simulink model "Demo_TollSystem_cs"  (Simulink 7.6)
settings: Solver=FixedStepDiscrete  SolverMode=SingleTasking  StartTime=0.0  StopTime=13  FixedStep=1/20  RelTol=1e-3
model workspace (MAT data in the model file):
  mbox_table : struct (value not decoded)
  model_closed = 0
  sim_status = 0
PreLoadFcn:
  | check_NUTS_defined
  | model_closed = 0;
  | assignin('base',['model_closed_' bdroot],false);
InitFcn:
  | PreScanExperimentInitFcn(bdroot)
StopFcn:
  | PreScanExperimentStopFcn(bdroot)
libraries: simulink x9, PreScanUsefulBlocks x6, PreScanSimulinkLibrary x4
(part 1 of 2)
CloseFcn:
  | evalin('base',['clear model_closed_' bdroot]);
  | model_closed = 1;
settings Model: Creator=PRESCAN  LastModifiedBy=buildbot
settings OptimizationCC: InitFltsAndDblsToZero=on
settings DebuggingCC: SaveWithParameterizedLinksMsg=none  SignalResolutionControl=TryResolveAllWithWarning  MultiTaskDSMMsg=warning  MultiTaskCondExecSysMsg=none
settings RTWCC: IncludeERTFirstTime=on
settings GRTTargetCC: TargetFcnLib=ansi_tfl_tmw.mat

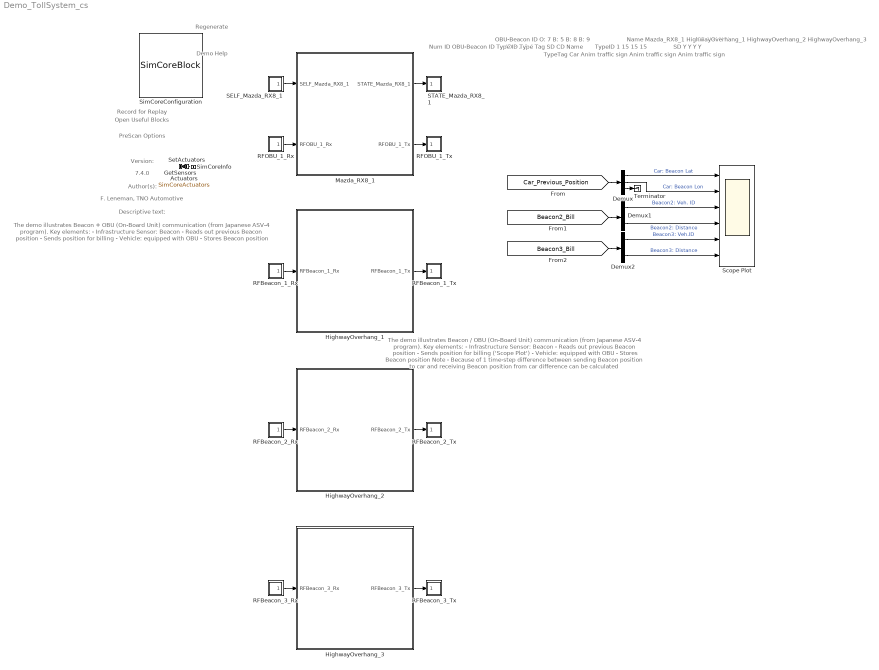
== system Demo_TollSystem_cs ==
  note: The demo illustrates Beacon / OBU (On-Board Unit)
      | communication (from Japanese ASV-4 program).
      |
      | Key elements:
      | - Infrastructure Sensor: Beacon
      |     - Reads out previous Beacon position
      |     - Sends position for billing ('Scope Plot')
      | - Vehicle: equipped with OBU
      |     - Stores Beacon position
      |
      | Note
      | - Because of 1 time-step difference between sending Beacon position
      |   to car and receiving Beacon position from car difference can be
      |   calculated
  note: Demo Help
  note: Regenerate
  note: Record for Replay
  note: Open Useful Blocks
  note: PreScan Options
  note: Version:
  note: 7.4.0
  note: Author(s):
  note: F. Leneman, TNO Automotive
  note: Descriptive text:
  note: The demo illustrates Beacon + OBU
      |
      | (On-Board Unit) communication
      | (from Japanese ASV-4 program).
      |
      | Key elements:
      | - Infrastructure Sensor: Beacon
      |     - Reads out previous Beacon
      | position
      |     - Sends position for billing
      | - Vehicle: equipped with OBU
      |     - Stores Beacon position
  note: ID
      |
      | 6
      | 2
      | 3
      | 4
  note: OBU-Beacon ID
      |
      | O: 7
      | B: 5
      | B: 8
      | B: 9
  note: TypeID
      |
      | 1
      | 15
      | 15
      | 15
  note: TypeTag
      |
      | Car
      | Anim traffic sign
      | Anim traffic sign
      | Anim traffic sign
  note: SD
      |
      | Y
      | Y
      | Y
      | Y
  note: CD
      |
      | N
      | N
      | N
      | N
  note: Name
      |
      | Mazda_RX8_1
      | HighwayOverhang_1
      | HighwayOverhang_2
      | HighwayOverhang_3
  note: Num ID OBU-Beacon ID Type ID Type Tag SD CD Name
  Actuators : DataStoreMemory  Tag=Actuators  DataStoreName=SimCoreActuators  InitialValue=zeros(79,1)
      settings: DeleteFcn=PreScanBlockDeleteFcn;
  Demux : Demux  Outputs=3
  Demux1 : Demux  Outputs=2
  Demux2 : Demux  Outputs=2
  GetSensors : Subsystem  Tag=GetSensors  Priority=2  mask(PreScan Simulation Core Block){NrOfSensors=333, TimeStep=1/20}
      mask prompts: NrOfSensors "Number of sensor values"; TimeStep "Timestep [s]"
      mask help:
      | Please do not remove this block from the PreScan compilation sheet,
      | as it contains essential configuration parameters for a PreScan simulation.
      settings: DeleteFcn=PreScanBlockDeleteFcn;
  HighwayOverhang_1 : Subsystem  Tag=WorldObjectSubSystem  InitFcn=UniqueId = '39';
      mask Display: image(imread('HighwayOverhang.jpg'));color('white');text(0,0,' ID=2\n')
  HighwayOverhang_2 : Subsystem  Tag=WorldObjectSubSystem  InitFcn=UniqueId = '40';
      mask Display: image(imread('HighwayOverhang.jpg'));color('white');text(0,0,' ID=3\n')
  HighwayOverhang_3 : Subsystem  Tag=WorldObjectSubSystem  InitFcn=|
      | UniqueId = '44';
      | UniqueId = '41';
      mask Display: image(imread('HighwayOverhang.jpg'));color('white');text(0,0,' ID=4\n')
  Mazda_RX8_1 : Subsystem  Tag=WorldObjectSubSystem  InitFcn=UniqueId = '16';
      mask Display: image(imread('Mazda_RX8.jpg'));color('white');text(0,0,' ID=6\n')
  RFBeacon_1_Rx : Subsystem  Tag=BeaconRx  Priority=3  mask(PreScan Source Block: Antenna Receiver){NrEntitiesOut=5, PortName=RFBeacon_1, PortIndex=48, PortWidth=95, TimeStep=1/20}
      mask prompts: NrEntitiesOut "User Specified: # of Visible OBUs"; PortName "Auto Assigned: Port Name [-]"; PortIndex "Auto Assigned: Index [-]"; PortWidth "Auto Assigned: Port Dimensions [-]"; TimeStep "Auto Assigned: Upload Period [s]"
      mask help:
      | Using the Beacon and OBU (On-Board Unit) information between actors and infrastructure can be exchanged.
      |
      | The Beacon Reciever receives actor information and user-definable signals.
      |
      | For more information, please click Help.
      settings: DeleteFcn=PreScanBlockDeleteFcn;
      mask Help: eval('openHelp(486)')
      mask Display: image(imread('ico_Beacon_RF_24_gray.png'))
  RFBeacon_1_Tx : Subsystem  Tag=BeaconTx  Priority=0  mask(PreScan Sink Block: AntennaT){PortName=RFBeacon_1, PortIndex=31, PortWidth=16, TimeStep=1/20}
      mask prompts: PortName "Auto Assigned: Port Name [-]"; PortIndex "Auto Assigned: Index [-]"; PortWidth "Auto Assigned: Port Dimensions [-]"; TimeStep "Auto Assigned: Upload Period [s]"
      mask help:
      | Using the Beacon and OBU (On-Board Unit) information between actors and infrastructure can be exchanged.
      |
      | The Beacon Transmitter contains the following, user-definable signals:
      |
      | - Beacon Type		[-]
      | - Spares (1:15)		[-]
      |
      | For more information, please click Help.
      settings: DeleteFcn=PreScanBlockDeleteFcn;
      mask Help: eval('openHelp(486)')
      mask Display: image(imread('ico_Beacon_RF_24_gray.png'))
  RFBeacon_2_Rx : Subsystem  Tag=BeaconRx  Priority=3  mask(PreScan Source Block: Antenna Receiver){NrEntitiesOut=5, PortName=RFBeacon_2, PortIndex=143, PortWidth=95, TimeStep=1/20}
      mask prompts: NrEntitiesOut "User Specified: # of Visible OBUs"; PortName "Auto Assigned: Port Name [-]"; PortIndex "Auto Assigned: Index [-]"; PortWidth "Auto Assigned: Port Dimensions [-]"; TimeStep "Auto Assigned: Upload Period [s]"
      mask help:
      | Using the Beacon and OBU (On-Board Unit) information between actors and infrastructure can be exchanged.
      |
      | The Beacon Reciever receives actor information and user-definable signals.
      |
      | For more information, please click Help.
      settings: DeleteFcn=PreScanBlockDeleteFcn;
      mask Help: eval('openHelp(486)')
      mask Display: image(imread('ico_Beacon_RF_24_gray.png'))
  RFBeacon_2_Tx : Subsystem  Tag=BeaconTx  Priority=0  mask(PreScan Sink Block: AntennaT){PortName=RFBeacon_2, PortIndex=47, PortWidth=16, TimeStep=1/20}
      mask prompts: PortName "Auto Assigned: Port Name [-]"; PortIndex "Auto Assigned: Index [-]"; PortWidth "Auto Assigned: Port Dimensions [-]"; TimeStep "Auto Assigned: Upload Period [s]"
      mask help:
      | Using the Beacon and OBU (On-Board Unit) information between actors and infrastructure can be exchanged.
      |
      | The Beacon Transmitter contains the following, user-definable signals:
      |
      | - Beacon Type		[-]
      | - Spares (1:15)		[-]
      |
      | For more information, please click Help.
      settings: DeleteFcn=PreScanBlockDeleteFcn;
      mask Help: eval('openHelp(486)')
      mask Display: image(imread('ico_Beacon_RF_24_gray.png'))
  RFBeacon_3_Rx : Subsystem  Tag=BeaconRx  Priority=3  mask(PreScan Source Block: Antenna Receiver){NrEntitiesOut=5, PortName=RFBeacon_3, PortIndex=238, PortWidth=95, TimeStep=1/20}
      mask prompts: NrEntitiesOut "User Specified: # of Visible OBUs"; PortName "Auto Assigned: Port Name [-]"; PortIndex "Auto Assigned: Index [-]"; PortWidth "Auto Assigned: Port Dimensions [-]"; TimeStep "Auto Assigned: Upload Period [s]"
      mask help:
      | Using the Beacon and OBU (On-Board Unit) information between actors and infrastructure can be exchanged.
      |
      | The Beacon Reciever receives actor information and user-definable signals.
      |
      | For more information, please click Help.
      settings: DeleteFcn=PreScanBlockDeleteFcn;
      mask Help: eval('openHelp(486)')
      mask Display: image(imread('ico_Beacon_RF_24_gray.png'))
  RFBeacon_3_Tx : Subsystem  Tag=BeaconTx  Priority=0  mask(PreScan Sink Block: AntennaT){PortName=RFBeacon_3, PortIndex=63, PortWidth=16, TimeStep=1/20}
      mask prompts: PortName "Auto Assigned: Port Name [-]"; PortIndex "Auto Assigned: Index [-]"; PortWidth "Auto Assigned: Port Dimensions [-]"; TimeStep "Auto Assigned: Upload Period [s]"
      mask help:
      | Using the Beacon and OBU (On-Board Unit) information between actors and infrastructure can be exchanged.
      |
      | The Beacon Transmitter contains the following, user-definable signals:
      |
      | - Beacon Type		[-]
      | - Spares (1:15)		[-]
      |
      | For more information, please click Help.
      settings: DeleteFcn=PreScanBlockDeleteFcn;
      mask Help: eval('openHelp(486)')
      mask Display: image(imread('ico_Beacon_RF_24_gray.png'))
  RFOBU_1_Rx : Subsystem  Tag=OBURx  Priority=3  mask(PreScan Source Block: Antenna Receiver){NrEntitiesOut=2, PortName=RFOBU_1, PortIndex=8, PortWidth=40, TimeStep=1/20}
      mask prompts: NrEntitiesOut "User Specified: # of Visible OBUs"; PortName "Auto Assigned: Port Name [-]"; PortIndex "Auto Assigned: Index [-]"; PortWidth "Auto Assigned: Port Dimensions [-]"; TimeStep "Auto Assigned: Upload Period [s]"
      mask help:
      | Using the Beacon and OBU (On-Board Unit) information between actors and infrastructure can be exchanged.
      |
      | The OBU Reciever receives infrastructure information and user-definable signals.
      |
      | For more information, please click Help.
      settings: DeleteFcn=PreScanBlockDeleteFcn;
      mask Help: eval('openHelp(487)')
      mask Display: image(imread('ico_OBU_RF_24_gray.png'))
  RFOBU_1_Tx : Subsystem  Tag=OBUTx  Priority=0  mask(PreScan Sink Block: AntennaT){PortName=RFOBU_1, PortIndex=15, PortWidth=16, TimeStep=1/20}
      mask prompts: PortName "Auto Assigned: Port Name [-]"; PortIndex "Auto Assigned: Index [-]"; PortWidth "Auto Assigned: Port Dimensions [-]"; TimeStep "Auto Assigned: Upload Period [s]"
      mask help:
      | Using the Beacon and OBU (On-Board Unit) information between actors and infrastructure can be exchanged.
      |
      | The OBU Transmitter contains the following, user-definable signals:
      |
      | - Vehicle Type		[-]
      | - Spares (1:15)		[-]
      |
      | For more information, please click Help.
      settings: DeleteFcn=PreScanBlockDeleteFcn;
      mask Help: eval('openHelp(487)')
      mask Display: image(imread('ico_OBU_RF_24_gray.png'))
  SELF_Mazda_RX8_1 : Subsystem  Tag=SELF  Priority=3  mask(PreScan Source Block: SELF){PortName=SELF_Mazda_RX8_1, PortIndex=0, PortWidth=8, TimeStep=1/20}
      mask prompts: PortName "Auto-Assigned: Port Name [-]"; PortIndex "Auto-Assigned: Port Index [-]"; PortWidth "Auto-Assigned: Port Dimensions"; TimeStep "Auto-Assigned: Upload Period [s]"
      mask help:
      | The SELF port shows (state) information of the actor itself. The outputs are position in the experiment's axis system and the GPS coordinates, and the object's absolute velocity and compass heading.
      |
      | For more information, please click Help.
      settings: DeleteFcn=PreScanBlockDeleteFcn;
      mask Help: eval('openHelp(462)')
      mask Display: image(imread('GPS.png'))
  STATE_Mazda_RX8_1 : Subsystem  Tag=State  Priority=0  mask(PreScan Sink Block: State){x0=-2.1430611191891602E-16, y0=-1.75, z0=0.51, Roll0=0, Pitch0=0, Yaw0=0, TimeStep=1/20}
      mask prompts: x0 "Ini x-position VEHICLE wrt GLOBAL axis system [m]"; y0 "Ini y-position VEHICLE wrt GLOBAL axis system [m]"; z0 "Ini z-position VEHICLE wrt GLOBAL axis system [m]"; Roll0 "Ini roll-angle BODY wrt VEHICLE axis system [deg]"; Pitch0 "Ini pitch-angle BODY wrt VEHICLE axis system [deg]"; Yaw0 "Ini yaw-angle VEHICLE wrt GLOBAL axis system [deg]"; TimeStep "Time Step [s]"
      mask help:
      | The Actor State contains a vector signal of size (9x1), containing the following signals:
      |
      | -  Position                  (x,y,z)                                     [m]
      | -  Velocity                  (vx,vy,vz)                               [m/s]
      | -  Angles                    (Roll, Pitch, Yaw)                   [rad]
      |
      | The Actor state is defined in the global axis system.
      | The state is superponed on the Initial position defined in the GUI.
      |
      | For more information, please click Help.
      settings: DeleteFcn=PreScanBlockDeleteFcn;
      mask Help: eval('openHelp(222)')
      mask Display: image(imread('State.png'))
  Scope Plot : Scope  NumInputPorts=6
      settings: TimeRange=14  YMin=50~5~0~0~0~0  YMax=55~5.005~200000000000000~100~200000000000000~100
  SetActuators : Subsystem  Tag=SetActuators  Priority=1  mask(PreScan Simulation Core Block){TimeStep=1/20, NrOfActuators=79}
      mask prompts: TimeStep "Timestep [s]"; NrOfActuators "Number of actuator values"
      mask help:
      | Please do not remove this block from the PreScan compilation sheet,
      | as it contains essential configuration parameters for a PreScan simulation.
      settings: DeleteFcn=PreScanBlockDeleteFcn;
  SimCoreConfiguration : M-S-Function  Tag=SimCoreConfiguration  Description=B82875A94833F997F21DD6E9124957973A9674FE07CE9C3E2714F76BA6993981  FunctionName=SimCoreBlock  Parameters=ExperimentXML PortsXML SimulationCore HostName CheckStart EnableLog RfR EnableGPUAccel ShowComputationTime  mask(PreScan Simulation Core Configurator){SimulationCore=NUTS, HostName=0, CheckStart=0, prescanversion='7.4.0', EnableLog=off, RfR=0, EnableGPUAccel=off, ShowComputationTime=off}
      mask prompts: SimulationCore "Simulation Core"; HostName "Simulation Host"; CheckStart "Show START Dialog"; prescanversion "PreScan Version"; EnableLog "Create TA Log"; RfR "Record for Replay"; EnableGPUAccel "Enable GPU Acceleration"; ShowComputationTime "Show ComputationTime Scope"
      mask help:
      | Please do not remove this block from the PreScan compilation sheet,
      | as it contains essential configuration parameter for a PreScan simulation.
      mask init:
      | model = bdroot;
      | ExperimentXML = [model(1:end-3) '.pex'];
      | PortsXML = [model '_ports.pcd'];
      settings: DeleteFcn=PreScanBlockDeleteFcn;  ModelCloseFcn=assignin('base',['model_closed_' bdroot],true);
      mask Help: eval('openHelp(812)')
      mask Display: image(imread('prescanlogo.ico'))
  SimCoreInfo : Subsystem  Tag=SimCoreInfo
  Terminator : Terminator
  wires:
  [Car_Previous_Position] -> Demux/1
  Demux/3 -> Terminator/1
  Demux/1 -> Scope Plot/1  "Car: Beacon Lat"
  Demux/2 -> Scope Plot/2  "Car: Beacon Lon"
  [Beacon2_Bill] -> Demux1/1
  Demux1/1 -> Scope Plot/3  "Beacon2: Veh. ID"
  Demux1/2 -> Scope Plot/4  "Beacon2: Distance"
  [Beacon3_Bill] -> Demux2/1
  Demux2/1 -> Scope Plot/5  "Beacon3: Veh.ID"
  Demux2/2 -> Scope Plot/6  "Beacon3: Distance"
  Mazda_RX8_1/1(STATE_Mazda_RX8_1) -> STATE_Mazda_RX8_1/1(State)
  SELF_Mazda_RX8_1/1(U) -> Mazda_RX8_1/1(SELF_Mazda_RX8_1)
  RFOBU_1_Rx/1(U) -> Mazda_RX8_1/2(RFOBU_1_Rx)
  Mazda_RX8_1/2(RFOBU_1_Tx) -> RFOBU_1_Tx/1(Y)
  RFBeacon_1_Rx/1(U) -> HighwayOverhang_1/1(RFBeacon_1_Rx)
  HighwayOverhang_1/1(RFBeacon_1_Tx) -> RFBeacon_1_Tx/1(Y)
  RFBeacon_2_Rx/1(U) -> HighwayOverhang_2/1(RFBeacon_2_Rx)
  HighwayOverhang_2/1(RFBeacon_2_Tx) -> RFBeacon_2_Tx/1(Y)
  RFBeacon_3_Rx/1(U) -> HighwayOverhang_3/1(RFBeacon_3_Rx)
  HighwayOverhang_3/1(RFBeacon_3_Tx) -> RFBeacon_3_Tx/1(Y)
  SetActuators/1(dummy) -> GetSensors/1(dummy)

== system Demo_TollSystem_cs/GetSensors ==
  dummy : Inport
  GetSensors : M-S-Function  FunctionName=GetSensorsBlock  Parameters=TimeStep NrOfSensors
  tag scope: SimCoreSensors=global
  wires:
  GetSensors/1 -> [SimCoreSensors]
  dummy/1 -> GetSensors/1

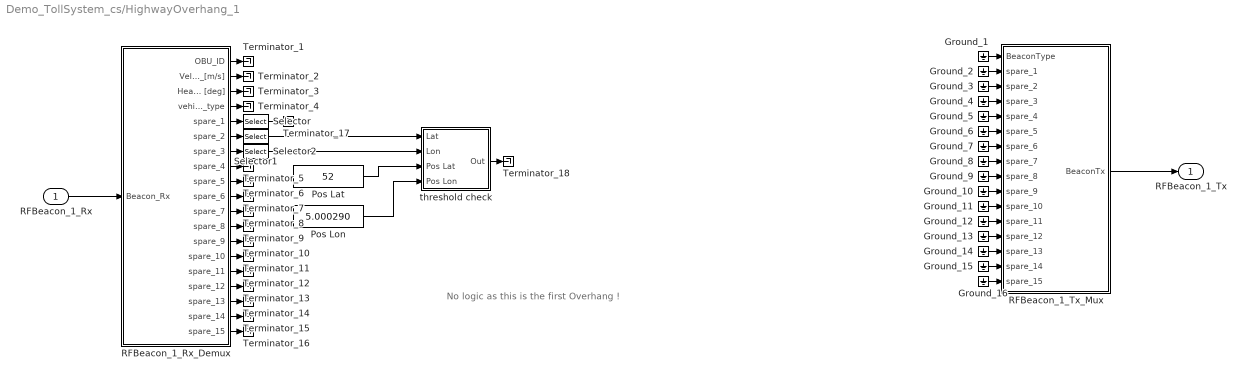
== system Demo_TollSystem_cs/HighwayOverhang_1 ==
  note: No logic as this is the first Overhang !
  RFBeacon_1_Rx : Inport  Tag=BeaconRxInport
  Ground_{1..16} (16 alike) : Ground
  Pos Lat : Constant  Value=52
  Pos Lon : Constant  Value=5.000290
  RFBeacon_1_Rx_Demux : Subsystem  Tag=DemuxAntennaR  mask(PreScan Demux Block:){Technology='RF'}
      mask init:
      | IconTxt = char('','','','','Technology:            ',['{\it',Technology,'}']);
      settings: DeleteFcn=PreScanBlockDeleteFcn;
      mask Display:
      | disp(IconTxt,'texmode','on')
      | port_label('output', 1, 'OBU ID [-]')
      | port_label('output', 2, 'OBU Velocity [m/s]')
      | port_label('output', 3, 'OBU Heading [deg]')
      | port_label('output', 4, 'Vehicle Type[-]')
      | port_label('output', 5, 'Veh. Reg.')
      | port_label('output', 6, 'Previous pos. - Lat')
      | port_label('output', 7, 'Previous pos. - Lon')
      | port_label('output', 8, 'Previous pos. - Alt')
      | port_label('output', 9, 'spare_5')
      | port_label('output', 10, 'spare_6')
      | port_label('output', 11, 'spare_7')
      | port_label('output', 12, 'spare_8')
      | port_label('output', 13, 'spare_9')
      | port_label('output', 14, 'spare_10')
      | port_label('output', 15, 'spare_11')
      | port_label('output', 16, 'spare_12')
      | port_label('output', 17, 'spare_13')
      | port_label('output', 18, 'spare_14')
      | port_label('output', 19, 'spare_15')
  RFBeacon_1_Tx_Mux : Subsystem  Tag=MuxBeaconTx  mask(PreScan Mux Block:){Technology='RF'}
      mask init:
      | IconTxt = char('','','','              Technology:',['{\it                ',Technology,'}']);
      settings: DeleteFcn=PreScanBlockDeleteFcn;
      mask Display:
      | disp(IconTxt,'texmode','on')
      | port_label('input', 1, 'Beacon Type [-]')
      | port_label('input', 2, 'spare_1')
      | port_label('input', 3, 'spare_2')
      | port_label('input', 4, 'spare_3')
      | port_label('input', 5, 'spare_4')
      | port_label('input', 6, 'spare_5')
      | port_label('input', 7, 'spare_6')
      | port_label('input', 8, 'spare_7')
      | port_label('input', 9, 'spare_8')
      | port_label('input', 10, 'spare_9')
      | port_label('input', 11, 'spare_10')
      | port_label('input', 12, 'spare_11')
      | port_label('input', 13, 'spare_12')
      | port_label('input', 14, 'spare_13')
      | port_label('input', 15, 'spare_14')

▶ _Goal of the exercise_: With the pictures omitted, set down each line exactly, starting at the first line of the records above and ending with the line that contains "note: OBU-Beacon ID".

▶ _The answer_:
simulink model "Demo_TollSystem_cs"  (Simulink 7.6)
settings: Solver=FixedStepDiscrete  SolverMode=SingleTasking  StartTime=0.0  StopTime=13  FixedStep=1/20  RelTol=1e-3
model workspace (MAT data in the model file):
  mbox_table : struct (value not decoded)
  model_closed = 0
  sim_status = 0
PreLoadFcn:
  | check_NUTS_defined
  | model_closed = 0;
  | assignin('base',['model_closed_' bdroot],false);
InitFcn:
  | PreScanExperimentInitFcn(bdroot)
StopFcn:
  | PreScanExperimentStopFcn(bdroot)
libraries: simulink x9, PreScanUsefulBlocks x6, PreScanSimulinkLibrary x4
(part 1 of 2)
CloseFcn:
  | evalin('base',['clear model_closed_' bdroot]);
  | model_closed = 1;
settings Model: Creator=PRESCAN  LastModifiedBy=buildbot
settings OptimizationCC: InitFltsAndDblsToZero=on
settings DebuggingCC: SaveWithParameterizedLinksMsg=none  SignalResolutionControl=TryResolveAllWithWarning  MultiTaskDSMMsg=warning  MultiTaskCondExecSysMsg=none
settings RTWCC: IncludeERTFirstTime=on
settings GRTTargetCC: TargetFcnLib=ansi_tfl_tmw.mat

== system Demo_TollSystem_cs ==
  note: The demo illustrates Beacon / OBU (On-Board Unit)
      | communication (from Japanese ASV-4 program).
      |
      | Key elements:
      | - Infrastructure Sensor: Beacon
      |     - Reads out previous Beacon position
      |     - Sends position for billing ('Scope Plot')
      | - Vehicle: equipped with OBU
      |     - Stores Beacon position
      |
      | Note
      | - Because of 1 time-step difference between sending Beacon position
      |   to car and receiving Beacon position from car difference can be
      |   calculated
  note: Demo Help
  note: Regenerate
  note: Record for Replay
  note: Open Useful Blocks
  note: PreScan Options
  note: Version:
  note: 7.4.0
  note: Author(s):
  note: F. Leneman, TNO Automotive
  note: Descriptive text:
  note: The demo illustrates Beacon + OBU
      |
      | (On-Board Unit) communication
      | (from Japanese ASV-4 program).
      |
      | Key elements:
      | - Infrastructure Sensor: Beacon
      |     - Reads out previous Beacon
      | position
      |     - Sends position for billing
      | - Vehicle: equipped with OBU
      |     - Stores Beacon position
  note: ID
      |
      | 6
      | 2
      | 3
      | 4
  note: OBU-Beacon ID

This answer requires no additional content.